I expect the influence of technology and artificial intelligence to continue to grow, whether in data analysis, idea generation or trading decisions. Fundamentally, structural inflation, rising bond yields, depreciation of the US dollar and the search for tangible assets and alternative hedges are likely to be the defining trends of the coming years. These trends, combined with the geopolitical situation, will continue to cause significant volatility in the markets. For fund managers, this means acting even more flexibly, viewing markets from multiple perspectives and, where necessary, incorporating unconventional forms of investment.
How does “Berenberg Go” differ from the classic “Berenberg Multi Manager” fund strategy?
The main difference lies in the range of funds used. While “Berenberg Go” works with internal funds and ETFs, “Berenberg Multi Manager” also incorporates selected strategies from external providers – following a best-in-class approach. However, both strategies share the same philosophy: active quota management, strategic inclusion of alternative investments such as gold, and a structured selection process. They are therefore two variants of the same basic conviction – differing in the depth of implementation.

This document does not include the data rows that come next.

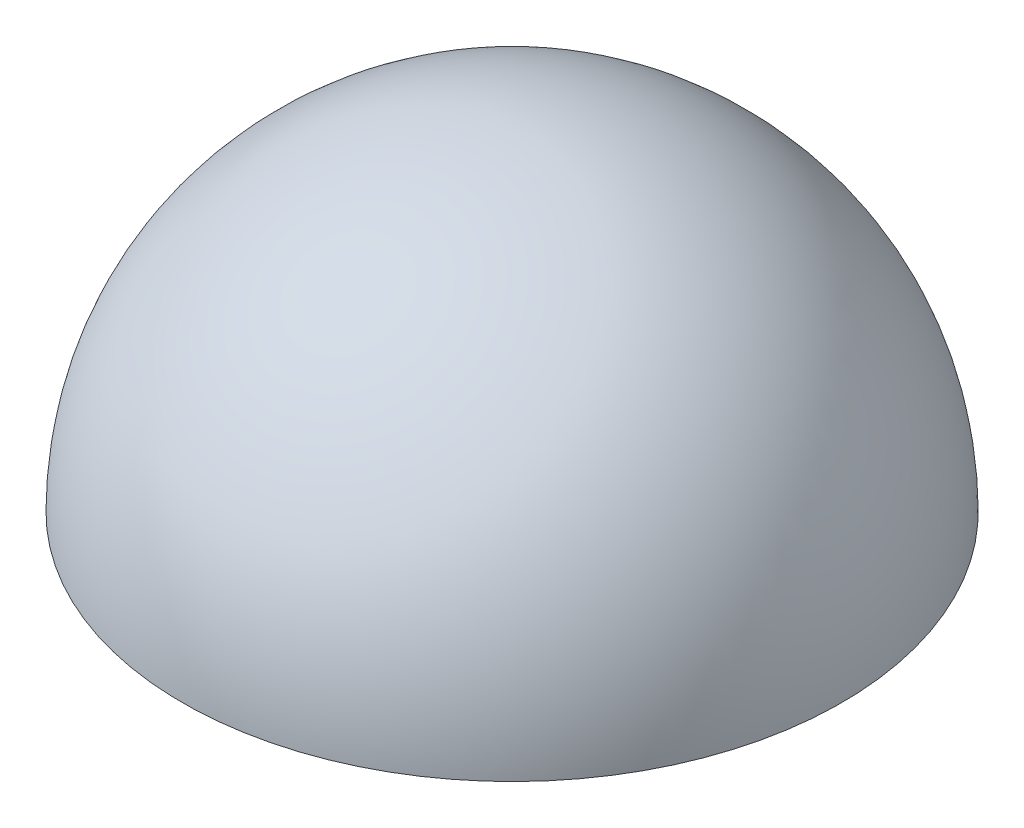
ISO-10303-21;
HEADER;
FILE_DESCRIPTION(('STEP AP214'),'2;1');
FILE_NAME('part.step','',(''),(''),'','','');
FILE_SCHEMA(('AUTOMOTIVE_DESIGN { 1 0 10303 214 1 1 1 1 }'));
ENDSEC;
DATA;
#1=APPLICATION_CONTEXT('core data for automotive mechanical design processes');
#2=APPLICATION_PROTOCOL_DEFINITION('international standard','automotive_design',2000,#1);
#3=PRODUCT_CONTEXT('',#1,'mechanical');
#4=PRODUCT('Part','Part','',(#3));
#5=PRODUCT_RELATED_PRODUCT_CATEGORY('part','',(#4));
#6=PRODUCT_DEFINITION_FORMATION('','',#4);
#7=PRODUCT_DEFINITION_CONTEXT('part definition',#1,'design');
#8=PRODUCT_DEFINITION('design','',#6,#7);
#9=PRODUCT_DEFINITION_SHAPE('','',#8);
#10=(LENGTH_UNIT() NAMED_UNIT(*) SI_UNIT(.MILLI.,.METRE.));
#11=(NAMED_UNIT(*) PLANE_ANGLE_UNIT() SI_UNIT($,.RADIAN.));
#12=(NAMED_UNIT(*) SI_UNIT($,.STERADIAN.) SOLID_ANGLE_UNIT());
#13=UNCERTAINTY_MEASURE_WITH_UNIT(LENGTH_MEASURE(1.E-05),#10,'distance_accuracy_value','');
#14=(GEOMETRIC_REPRESENTATION_CONTEXT(3) GLOBAL_UNCERTAINTY_ASSIGNED_CONTEXT((#13)) GLOBAL_UNIT_ASSIGNED_CONTEXT((#10,
#11,#12)) REPRESENTATION_CONTEXT('',''));
#15=CARTESIAN_POINT('',(0.,0.,0.));
#16=DIRECTION('',(0.,0.,1.));
#17=DIRECTION('',(1.,0.,0.));
#18=AXIS2_PLACEMENT_3D('',#15,#16,#17);
#19=CARTESIAN_POINT('',(0.,-54.9662706692072,7.03359861643882));
#20=DIRECTION('',(0.,-1.,0.));
#21=DIRECTION('',(0.,0.,-1.));
#22=AXIS2_PLACEMENT_3D('',#19,#20,#21);
#23=SPHERICAL_SURFACE('',#22,3.5);
#24=CARTESIAN_POINT('',(0.,-54.9662706692072,7.03359861643882));
#25=DIRECTION('',(0.,-1.,0.));
#26=DIRECTION('',(0.,0.,-1.));
#27=AXIS2_PLACEMENT_3D('',#24,#25,#26);
#28=CIRCLE('',#27,3.5);
#29=CARTESIAN_POINT('',(0.,-54.9662706692072,3.53359861643882));
#30=VERTEX_POINT('',#29);
#31=EDGE_CURVE('E12',#30,#30,#28,.T.);
#32=ORIENTED_EDGE('',*,*,#31,.F.);
#33=EDGE_LOOP('',(#32));
#34=FACE_BOUND('',#33,.T.);
#35=ADVANCED_FACE('F45',(#34),#23,.T.);
#36=CARTESIAN_POINT('',(0.,-54.9662706692072,7.03359861643882));
#37=DIRECTION('',(0.,-1.,0.));
#38=DIRECTION('',(0.,0.,-1.));
#39=AXIS2_PLACEMENT_3D('',#36,#37,#38);
#40=PLANE('',#39);
#41=ORIENTED_EDGE('',*,*,#31,.T.);
#42=EDGE_LOOP('',(#41));
#43=FACE_BOUND('',#42,.T.);
#44=ADVANCED_FACE('F52',(#43),#40,.T.);
#45=CLOSED_SHELL('',(#35,#44));
#46=MANIFOLD_SOLID_BREP('B2',#45);
#47=ADVANCED_BREP_SHAPE_REPRESENTATION('',(#18,#46),#14);
#48=SHAPE_DEFINITION_REPRESENTATION(#9,#47);
ENDSEC;
END-ISO-10303-21;

How has the fund landscape changed in recent years? Which trends are currently still underestimated?
The ETF trend has changed the fund landscape considerably. Today, many markets and themes can be mapped cost-efficiently – and can be managed flexibly thanks to exchange trading. The field of active ETFs is particularly dynamic. Even if their growth in Europe is slower than in the US, their potential should not be underestimated. In addition, I see a renaissance of active funds – particularly in the bond sector, but increasingly also in equities. This is because the market is becoming more selective: the dominance of a few large technology stocks could become less important. This creates more opportunities for active management. However, it remains challenging to identify strategies that add value. Herein lies our claim – and our task.
Our interview guest

Ulrich Urbahn
Ulrich Urbahn has been working for Berenberg since October 2017 and is responsible for quantitative analyses and the devel-opment of strategic and tactical allocation ideas, and is involved in capital market communications. He is a member of the Asset Allocation Committee and portfolio manager of the Berenberg Variato. After graduating in economics and mathematics from the University of Heidelberg, he worked for more than 10 years at Commerzbank, among others, as a senior cross asset strate-gist. Mr Urbahn is a CFA charterholder and was part of the three best multi-asset research teams worldwide in the renowned Extel survey for many years.